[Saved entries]
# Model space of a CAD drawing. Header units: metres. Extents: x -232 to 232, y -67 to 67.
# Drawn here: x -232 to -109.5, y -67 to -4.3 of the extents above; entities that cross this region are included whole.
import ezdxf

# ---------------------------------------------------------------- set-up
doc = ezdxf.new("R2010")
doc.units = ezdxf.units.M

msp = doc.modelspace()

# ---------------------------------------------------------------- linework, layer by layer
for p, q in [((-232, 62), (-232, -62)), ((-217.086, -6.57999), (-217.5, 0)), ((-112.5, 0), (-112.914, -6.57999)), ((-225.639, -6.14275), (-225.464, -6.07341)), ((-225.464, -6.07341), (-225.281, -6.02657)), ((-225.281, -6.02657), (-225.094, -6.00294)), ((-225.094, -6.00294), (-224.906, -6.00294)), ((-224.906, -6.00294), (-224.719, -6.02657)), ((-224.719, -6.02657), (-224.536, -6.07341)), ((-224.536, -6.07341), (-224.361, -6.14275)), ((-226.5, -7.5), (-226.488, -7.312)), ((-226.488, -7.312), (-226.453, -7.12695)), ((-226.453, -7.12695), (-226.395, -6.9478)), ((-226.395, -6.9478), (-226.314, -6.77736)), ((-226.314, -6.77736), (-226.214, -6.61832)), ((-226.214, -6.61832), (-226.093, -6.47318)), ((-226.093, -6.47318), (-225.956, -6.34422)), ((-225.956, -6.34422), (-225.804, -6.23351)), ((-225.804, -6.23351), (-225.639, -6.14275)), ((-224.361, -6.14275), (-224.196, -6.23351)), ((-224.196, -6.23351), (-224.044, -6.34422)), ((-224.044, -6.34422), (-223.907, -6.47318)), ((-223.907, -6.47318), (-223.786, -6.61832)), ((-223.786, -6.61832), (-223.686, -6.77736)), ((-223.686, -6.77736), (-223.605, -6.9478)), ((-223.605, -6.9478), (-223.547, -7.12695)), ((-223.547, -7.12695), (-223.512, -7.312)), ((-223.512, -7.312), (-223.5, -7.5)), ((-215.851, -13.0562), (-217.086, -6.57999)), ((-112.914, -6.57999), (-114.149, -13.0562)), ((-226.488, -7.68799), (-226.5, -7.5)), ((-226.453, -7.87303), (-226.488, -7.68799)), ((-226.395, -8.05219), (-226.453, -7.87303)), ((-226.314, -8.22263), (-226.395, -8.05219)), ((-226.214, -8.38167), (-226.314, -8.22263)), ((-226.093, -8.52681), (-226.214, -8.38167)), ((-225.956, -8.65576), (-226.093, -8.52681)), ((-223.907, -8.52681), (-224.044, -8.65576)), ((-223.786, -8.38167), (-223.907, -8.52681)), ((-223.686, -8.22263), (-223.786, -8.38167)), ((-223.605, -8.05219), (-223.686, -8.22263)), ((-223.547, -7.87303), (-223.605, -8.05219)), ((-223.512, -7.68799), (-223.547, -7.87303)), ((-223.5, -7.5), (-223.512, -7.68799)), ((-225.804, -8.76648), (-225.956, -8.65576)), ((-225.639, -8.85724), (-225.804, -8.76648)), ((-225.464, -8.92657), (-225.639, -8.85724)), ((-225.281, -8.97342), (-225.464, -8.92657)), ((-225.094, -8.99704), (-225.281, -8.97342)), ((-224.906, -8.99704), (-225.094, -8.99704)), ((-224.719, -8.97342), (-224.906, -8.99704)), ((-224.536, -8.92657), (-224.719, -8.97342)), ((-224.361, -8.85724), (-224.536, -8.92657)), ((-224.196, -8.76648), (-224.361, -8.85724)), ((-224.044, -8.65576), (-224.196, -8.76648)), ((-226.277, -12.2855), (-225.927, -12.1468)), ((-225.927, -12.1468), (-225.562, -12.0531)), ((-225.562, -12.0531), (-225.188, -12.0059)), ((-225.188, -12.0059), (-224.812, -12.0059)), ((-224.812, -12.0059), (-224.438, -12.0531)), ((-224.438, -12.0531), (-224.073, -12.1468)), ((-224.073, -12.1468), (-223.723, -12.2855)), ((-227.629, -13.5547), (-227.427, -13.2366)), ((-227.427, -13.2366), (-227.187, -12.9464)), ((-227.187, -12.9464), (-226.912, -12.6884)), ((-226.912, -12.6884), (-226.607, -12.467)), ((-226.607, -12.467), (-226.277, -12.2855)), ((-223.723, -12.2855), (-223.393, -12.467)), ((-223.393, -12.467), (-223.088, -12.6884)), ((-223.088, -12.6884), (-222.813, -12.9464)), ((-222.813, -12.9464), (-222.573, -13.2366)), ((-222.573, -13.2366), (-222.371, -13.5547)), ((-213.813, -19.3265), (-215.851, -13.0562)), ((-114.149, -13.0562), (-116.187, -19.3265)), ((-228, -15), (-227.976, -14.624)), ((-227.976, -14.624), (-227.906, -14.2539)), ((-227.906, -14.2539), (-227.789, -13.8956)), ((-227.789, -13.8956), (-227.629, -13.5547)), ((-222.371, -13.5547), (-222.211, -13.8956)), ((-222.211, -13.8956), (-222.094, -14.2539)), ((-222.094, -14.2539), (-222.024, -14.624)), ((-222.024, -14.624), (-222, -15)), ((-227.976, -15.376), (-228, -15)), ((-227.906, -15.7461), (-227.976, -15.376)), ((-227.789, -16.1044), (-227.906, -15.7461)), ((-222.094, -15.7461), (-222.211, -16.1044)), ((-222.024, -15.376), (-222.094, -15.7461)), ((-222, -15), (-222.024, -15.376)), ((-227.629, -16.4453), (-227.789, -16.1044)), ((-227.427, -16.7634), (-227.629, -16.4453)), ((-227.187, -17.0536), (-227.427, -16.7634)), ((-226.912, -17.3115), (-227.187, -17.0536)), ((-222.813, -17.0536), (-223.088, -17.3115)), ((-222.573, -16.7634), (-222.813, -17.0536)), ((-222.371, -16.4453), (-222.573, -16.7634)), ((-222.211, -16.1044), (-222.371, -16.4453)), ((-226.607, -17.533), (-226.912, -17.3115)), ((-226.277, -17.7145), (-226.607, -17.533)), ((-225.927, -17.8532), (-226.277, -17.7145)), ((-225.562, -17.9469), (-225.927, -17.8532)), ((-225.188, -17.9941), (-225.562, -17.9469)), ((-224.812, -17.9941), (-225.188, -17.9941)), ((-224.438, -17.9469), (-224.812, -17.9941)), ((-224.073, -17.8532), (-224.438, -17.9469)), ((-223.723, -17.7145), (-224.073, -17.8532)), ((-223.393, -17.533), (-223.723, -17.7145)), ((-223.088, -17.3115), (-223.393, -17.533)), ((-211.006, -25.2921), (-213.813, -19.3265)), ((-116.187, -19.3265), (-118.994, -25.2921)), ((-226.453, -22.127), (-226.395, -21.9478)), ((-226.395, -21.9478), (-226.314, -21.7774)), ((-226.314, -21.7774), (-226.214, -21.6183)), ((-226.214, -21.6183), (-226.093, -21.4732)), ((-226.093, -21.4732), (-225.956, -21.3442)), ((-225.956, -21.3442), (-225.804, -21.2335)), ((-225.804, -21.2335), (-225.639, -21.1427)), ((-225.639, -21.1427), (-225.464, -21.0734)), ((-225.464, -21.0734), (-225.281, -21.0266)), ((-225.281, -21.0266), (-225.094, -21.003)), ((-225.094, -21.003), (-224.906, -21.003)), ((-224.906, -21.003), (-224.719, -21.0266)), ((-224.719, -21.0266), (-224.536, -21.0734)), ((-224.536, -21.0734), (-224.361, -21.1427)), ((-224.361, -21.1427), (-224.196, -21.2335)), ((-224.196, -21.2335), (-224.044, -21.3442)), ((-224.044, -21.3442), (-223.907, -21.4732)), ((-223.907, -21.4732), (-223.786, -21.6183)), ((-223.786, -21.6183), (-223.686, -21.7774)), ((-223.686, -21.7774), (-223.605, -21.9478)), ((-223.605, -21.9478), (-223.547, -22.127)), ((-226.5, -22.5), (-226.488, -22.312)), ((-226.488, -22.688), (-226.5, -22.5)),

* **WHAT NEEDS TO BE DONE**:
Please, from the entries above, set down exactly the lines from the one containing "import ezdxf" through the one containing "layer by layer", and only those.

* **RESPONSE TO THE TASK**:
import ezdxf

# ---------------------------------------------------------------- set-up
doc = ezdxf.new("R2010")
doc.units = ezdxf.units.M

msp = doc.modelspace()

# ---------------------------------------------------------------- linework, layer by layer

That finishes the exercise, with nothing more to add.